Antes de que Clara pudiera reaccionar, Sonia se abalanzó sobre ella con una violencia salvaje. La confrontación física fue inmediata y brutal. Sonia lanzó un puñetazo que rozó la mejilla de Clara, y luego, con ambas manos, la aferró violentamente del cabello. Clara luchó por zafarse, pero el suelo de hormigón estaba resbaladizo por el agua de lluvia. Con un empuje desesperado y lleno de malicia, Sonia levantó a su hermana y la arrojó por encima del parapeto de piedra del balcón.

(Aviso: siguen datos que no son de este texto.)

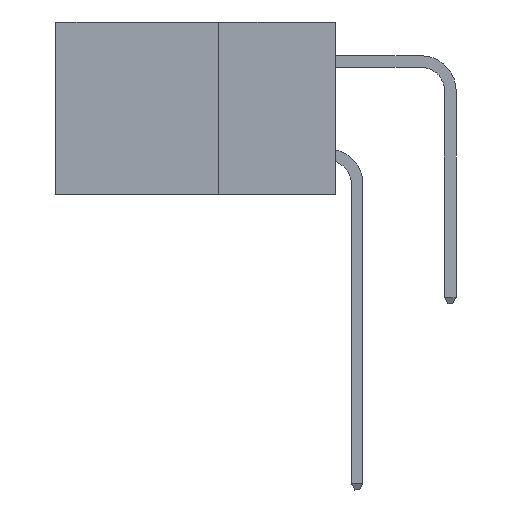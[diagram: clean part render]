
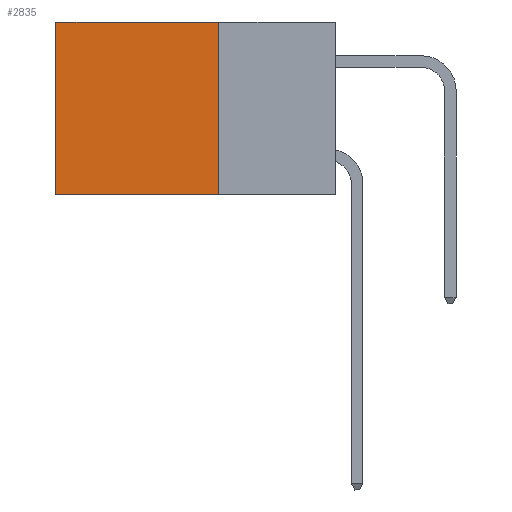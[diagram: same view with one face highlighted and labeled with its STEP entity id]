
A CAD part, left-side view. The second image highlights one B-rep face of the part: STEP entity #2835.
In plain terms, the highlighted planar face has unit normal (-1, 0, 0).
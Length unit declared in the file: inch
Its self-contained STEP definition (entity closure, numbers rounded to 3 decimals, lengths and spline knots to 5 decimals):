
#365 = ORIENTED_EDGE ( 'NONE', *, *, #15989, .F. ) ;
#727 = ORIENTED_EDGE ( 'NONE', *, *, #13958, .F. ) ;
#762 = LINE ( 'NONE', #13440, #16644 ) ;
#2456 = EDGE_LOOP ( 'NONE', ( #14882, #727, #365, #6855 ) ) ;
#2835 = ADVANCED_FACE ( 'NONE', ( #5656 ), #11246, .F. ) ;
#2938 = AXIS2_PLACEMENT_3D ( 'NONE', #16841, #10053, #4266 ) ;
#3247 = CARTESIAN_POINT ( 'NONE',  ( 0.2875, 0.6, 0. ) ) ;
#4088 = VERTEX_POINT ( 'NONE', #16846 ) ;
#4266 = DIRECTION ( 'NONE',  ( 0., 0., -1. ) ) ;
#4691 = CARTESIAN_POINT ( 'NONE',  ( 0.2875, 0.25, 0. ) ) ;
#5013 = DIRECTION ( 'NONE',  ( 0., 1., 0. ) ) ;
#5474 = EDGE_CURVE ( 'NONE', #13689, #4088, #8256, .T. ) ;
#5656 = FACE_OUTER_BOUND ( 'NONE', #2456, .T. ) ;
#6452 = LINE ( 'NONE', #3247, #16910 ) ;
#6853 = VERTEX_POINT ( 'NONE', #9905 ) ;
#6855 = ORIENTED_EDGE ( 'NONE', *, *, #5474, .T. ) ;
#8077 = CARTESIAN_POINT ( 'NONE',  ( 0.2875, 0.25, 0. ) ) ;
#8256 = LINE ( 'NONE', #8077, #16791 ) ;
#9703 = CARTESIAN_POINT ( 'NONE',  ( 0.2875, 0.25, 0. ) ) ;
#9905 = CARTESIAN_POINT ( 'NONE',  ( 0.2875, 0.25, -0.37 ) ) ;
#10053 = DIRECTION ( 'NONE',  ( 1., 0., 0. ) ) ;
#10384 = LINE ( 'NONE', #4691, #13724 ) ;
#11003 = DIRECTION ( 'NONE',  ( 0., 1., 0. ) ) ;
#11246 = PLANE ( 'NONE',  #2938 ) ;
#12474 = EDGE_CURVE ( 'NONE', #4088, #15712, #6452, .T. ) ;
#13440 = CARTESIAN_POINT ( 'NONE',  ( 0.2875, 0.25, -0.37 ) ) ;
#13689 = VERTEX_POINT ( 'NONE', #9703 ) ;
#13724 = VECTOR ( 'NONE', #16989, 39.37008 ) ;
#13958 = EDGE_CURVE ( 'NONE', #6853, #15712, #762, .T. ) ;
#14882 = ORIENTED_EDGE ( 'NONE', *, *, #12474, .T. ) ;
#15712 = VERTEX_POINT ( 'NONE', #17555 ) ;
#15737 = DIRECTION ( 'NONE',  ( 0., 0., -1. ) ) ;
#15989 = EDGE_CURVE ( 'NONE', #13689, #6853, #10384, .T. ) ;
#16644 = VECTOR ( 'NONE', #5013, 39.37008 ) ;
#16791 = VECTOR ( 'NONE', #11003, 39.37008 ) ;
#16841 = CARTESIAN_POINT ( 'NONE',  ( 0.2875, 0.25, 0. ) ) ;
#16846 = CARTESIAN_POINT ( 'NONE',  ( 0.2875, 0.6, 0. ) ) ;
#16910 = VECTOR ( 'NONE', #15737, 39.37008 ) ;
#16989 = DIRECTION ( 'NONE',  ( 0., 0., -1. ) ) ;
#17555 = CARTESIAN_POINT ( 'NONE',  ( 0.2875, 0.6, -0.37 ) ) ;

Justo en ese instante, Mateo, el esposo de Clara, irrumpió en la terraza. Al ver la escena, corrió hacia el borde y saltó la barandilla en un intento desesperado por detener a Sonia. Sin embargo, Sonia reaccionó con la velocidad de un felino; con un giro rápido de su cuerpo, barrió las piernas de Mateo, enviándolo a caer pesadamente sobre el suelo mojado. Los invitados de la gala, que acababan de salir al balcón atraídos por los gritos, contemplaron la escena sumidos en un silencio de absoluto terror.
”Los invitados de la gala, que acababan de salir al balcón atraídos por los gritos, contemplaron la escena sumidos en un silencio de absol…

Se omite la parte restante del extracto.